Source of Complaints Often Elusive for Multifocal IOLs
Many puzzles remain with MIOL cases. Dermot McGrath reports.
Despite the wide array of sophisticated diagnostic tools now available to clinicians, it is not always possible to predict or determine the source of patient dissatisfaction after implantation of a premium intraocular lens, according to Giacomo Savini MD.
“There are two main issues to consider: preoperative selection of candidates for multifocal IOLs and postoperative assessment of patients complaining of visual disturbances,” he said. “In both cases, we have a lot of instruments available to us but many times we do not have clear answers to assuage our doubts.”
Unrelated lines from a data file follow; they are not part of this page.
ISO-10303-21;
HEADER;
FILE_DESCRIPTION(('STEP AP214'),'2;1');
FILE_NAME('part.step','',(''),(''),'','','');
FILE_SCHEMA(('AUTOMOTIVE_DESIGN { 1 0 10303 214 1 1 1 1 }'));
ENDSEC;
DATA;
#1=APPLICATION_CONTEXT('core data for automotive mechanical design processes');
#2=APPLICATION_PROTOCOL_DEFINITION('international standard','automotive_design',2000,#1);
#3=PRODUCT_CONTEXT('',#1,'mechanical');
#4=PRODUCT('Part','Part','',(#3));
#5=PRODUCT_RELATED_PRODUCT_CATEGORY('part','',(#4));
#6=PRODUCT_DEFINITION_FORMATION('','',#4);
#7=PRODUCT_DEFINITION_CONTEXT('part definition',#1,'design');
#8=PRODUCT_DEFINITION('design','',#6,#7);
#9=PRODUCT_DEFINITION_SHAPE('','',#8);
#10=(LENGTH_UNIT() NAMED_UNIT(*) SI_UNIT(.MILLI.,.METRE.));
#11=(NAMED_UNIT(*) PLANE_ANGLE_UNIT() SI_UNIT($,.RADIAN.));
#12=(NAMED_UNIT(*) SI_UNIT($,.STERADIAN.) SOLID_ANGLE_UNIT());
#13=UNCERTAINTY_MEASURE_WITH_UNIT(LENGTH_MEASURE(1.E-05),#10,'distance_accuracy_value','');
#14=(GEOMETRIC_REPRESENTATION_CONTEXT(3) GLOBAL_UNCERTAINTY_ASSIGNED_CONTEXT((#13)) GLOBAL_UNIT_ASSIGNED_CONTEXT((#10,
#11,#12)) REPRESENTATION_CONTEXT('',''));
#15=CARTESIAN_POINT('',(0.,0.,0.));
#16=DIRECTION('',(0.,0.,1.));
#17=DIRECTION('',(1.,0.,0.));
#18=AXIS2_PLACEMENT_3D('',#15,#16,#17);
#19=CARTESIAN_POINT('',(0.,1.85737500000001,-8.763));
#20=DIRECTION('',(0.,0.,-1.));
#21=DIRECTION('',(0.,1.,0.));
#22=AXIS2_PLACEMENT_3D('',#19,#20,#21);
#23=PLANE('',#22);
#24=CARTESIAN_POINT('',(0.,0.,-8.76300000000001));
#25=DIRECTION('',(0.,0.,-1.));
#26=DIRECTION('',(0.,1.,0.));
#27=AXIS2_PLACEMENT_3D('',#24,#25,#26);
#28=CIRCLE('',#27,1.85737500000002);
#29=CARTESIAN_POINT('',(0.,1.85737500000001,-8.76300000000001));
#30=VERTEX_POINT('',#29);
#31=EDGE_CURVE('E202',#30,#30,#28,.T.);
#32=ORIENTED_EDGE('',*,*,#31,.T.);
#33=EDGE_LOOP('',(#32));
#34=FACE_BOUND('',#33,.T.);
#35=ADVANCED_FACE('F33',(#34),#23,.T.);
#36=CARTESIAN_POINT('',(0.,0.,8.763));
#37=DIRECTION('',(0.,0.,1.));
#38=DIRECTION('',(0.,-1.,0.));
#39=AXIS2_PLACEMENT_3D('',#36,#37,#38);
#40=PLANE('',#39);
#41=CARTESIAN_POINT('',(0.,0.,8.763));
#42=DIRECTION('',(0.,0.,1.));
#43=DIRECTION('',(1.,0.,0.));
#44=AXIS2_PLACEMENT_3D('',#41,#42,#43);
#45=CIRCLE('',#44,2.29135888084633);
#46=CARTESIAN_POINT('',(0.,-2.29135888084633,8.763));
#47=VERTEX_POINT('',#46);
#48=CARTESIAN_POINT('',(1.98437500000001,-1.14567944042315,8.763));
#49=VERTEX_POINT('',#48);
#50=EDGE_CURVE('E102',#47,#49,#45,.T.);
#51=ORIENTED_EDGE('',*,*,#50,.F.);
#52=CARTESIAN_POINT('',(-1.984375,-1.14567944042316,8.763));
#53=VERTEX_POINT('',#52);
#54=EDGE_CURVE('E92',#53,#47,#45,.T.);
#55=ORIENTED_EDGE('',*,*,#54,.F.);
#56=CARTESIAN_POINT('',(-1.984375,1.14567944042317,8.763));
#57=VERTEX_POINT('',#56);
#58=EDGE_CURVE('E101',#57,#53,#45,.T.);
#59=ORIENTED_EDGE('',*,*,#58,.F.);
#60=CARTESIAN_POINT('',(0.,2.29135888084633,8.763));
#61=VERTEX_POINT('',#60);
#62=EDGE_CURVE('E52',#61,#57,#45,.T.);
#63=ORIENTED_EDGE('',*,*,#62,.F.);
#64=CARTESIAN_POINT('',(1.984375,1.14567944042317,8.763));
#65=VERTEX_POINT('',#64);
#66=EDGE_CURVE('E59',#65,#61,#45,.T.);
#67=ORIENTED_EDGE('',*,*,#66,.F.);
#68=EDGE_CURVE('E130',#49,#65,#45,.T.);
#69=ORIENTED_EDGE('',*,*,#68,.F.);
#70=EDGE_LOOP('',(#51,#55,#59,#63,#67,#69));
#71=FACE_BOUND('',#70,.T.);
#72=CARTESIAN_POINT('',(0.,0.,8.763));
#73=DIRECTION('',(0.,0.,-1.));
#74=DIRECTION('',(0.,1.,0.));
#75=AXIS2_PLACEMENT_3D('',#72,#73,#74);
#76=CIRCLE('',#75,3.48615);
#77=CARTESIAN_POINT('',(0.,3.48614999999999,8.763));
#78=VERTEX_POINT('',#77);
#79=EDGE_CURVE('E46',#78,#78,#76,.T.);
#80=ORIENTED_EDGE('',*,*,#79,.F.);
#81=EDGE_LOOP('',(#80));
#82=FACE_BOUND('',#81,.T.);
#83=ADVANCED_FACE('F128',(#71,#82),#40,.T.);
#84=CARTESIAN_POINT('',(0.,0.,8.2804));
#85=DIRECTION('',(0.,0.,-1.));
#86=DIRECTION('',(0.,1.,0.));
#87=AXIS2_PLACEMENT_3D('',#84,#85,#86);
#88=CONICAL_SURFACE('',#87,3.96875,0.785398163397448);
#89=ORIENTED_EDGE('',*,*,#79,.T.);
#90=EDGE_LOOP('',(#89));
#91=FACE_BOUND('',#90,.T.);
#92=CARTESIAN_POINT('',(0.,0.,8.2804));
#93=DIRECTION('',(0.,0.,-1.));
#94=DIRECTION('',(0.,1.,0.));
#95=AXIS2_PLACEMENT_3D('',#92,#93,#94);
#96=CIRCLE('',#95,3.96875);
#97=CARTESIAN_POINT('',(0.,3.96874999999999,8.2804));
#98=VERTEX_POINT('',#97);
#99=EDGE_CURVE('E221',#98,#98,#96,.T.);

Several parameters need to be considered in the preoperative selection of candidates to achieve successful outcomes, Dr Savini noted. Corneal topography helps exclude cases with irregular patterns—which standard keratometry cannot detect—and may indicate forme fruste keratoconus or decentred ablation after myopic PRK or LASIK.
Although corneal aberrometry is mandatory before implanting a multifocal IOL, no clear evidence-based guidelines are available to determine the cut-off point for excluding certain cases.
The same also holds true for pupil diameter, said Dr Savini.
“We tend to implant multifocal IOLs when the pupillometry shows a photopic diameter of more than 2.5 mm and a scotopic diameter of less than 6.5 mm or 6.0 mm. However, again there are no evidence-based recommendations. We need to better characterise the relationship between actual pupil size during day and night and the IOL performance.”
BEWARE OF OSD
Before proceeding with any surgery, Dr Savini advised treating ocular surface problems and dry eye disease (DED).
“No patient with severe dry eye should be implanted with these lenses, and we need to manage moderate dry eye using topical therapy and/or punctum plugs. Likewise, we should exclude macular problems, so no epiretinal membranes and no staphylomas for diffractive multifocal IOLs,” he said.
Dr Savini said it was probably also prudent to avoid implanting multifocal IOLs in cases where the IOL calculation is very difficult.
“Eyes that fall outside the ‘normal’ range of measurements require special attention. Long eyes are best avoided, and caution is required with short eyes, which carry a higher risk of refractive surprise,” he said.
Although there are many diagnostic tools to help screen the best candidates for multifocal lenses, no single device captures all the essential information needed to make a full assessment.
“What we really require is a comprehensive, evidence-based artificial intelligence-supported tool able to predict the risk of postoperative visual complaints, the risk of refractive surprises, and the visual performance for distance, intermediate, and near vision,” Dr Savini observed. “The tool should be based on prospective studies correlating the preoperative data from the tear film to the macula to the postoperative visual function.”
Even after rigorous patient selection, uneventful surgery, and ostensibly good visual outcomes, some patients will still complain of hazy or poor quality of vision after surgery, Dr Savini said.
While some of these are straightforward to diagnose—such as residual refractive error, dry eye, or macular pathologies—others are less easy to identify the source.
“The reality is that sometimes everything looks perfect with the technology that we have available, and the patient is still unhappy. Neuroadaptation is clearly a factor in many cases, but the complaints do not always resolve in time. It would be nice in the future to be able to objectively quantify these problems and follow up on the visual complaints,” he concluded.
Dr Savini presented at the 40th Congress of the ESCRS in Milan.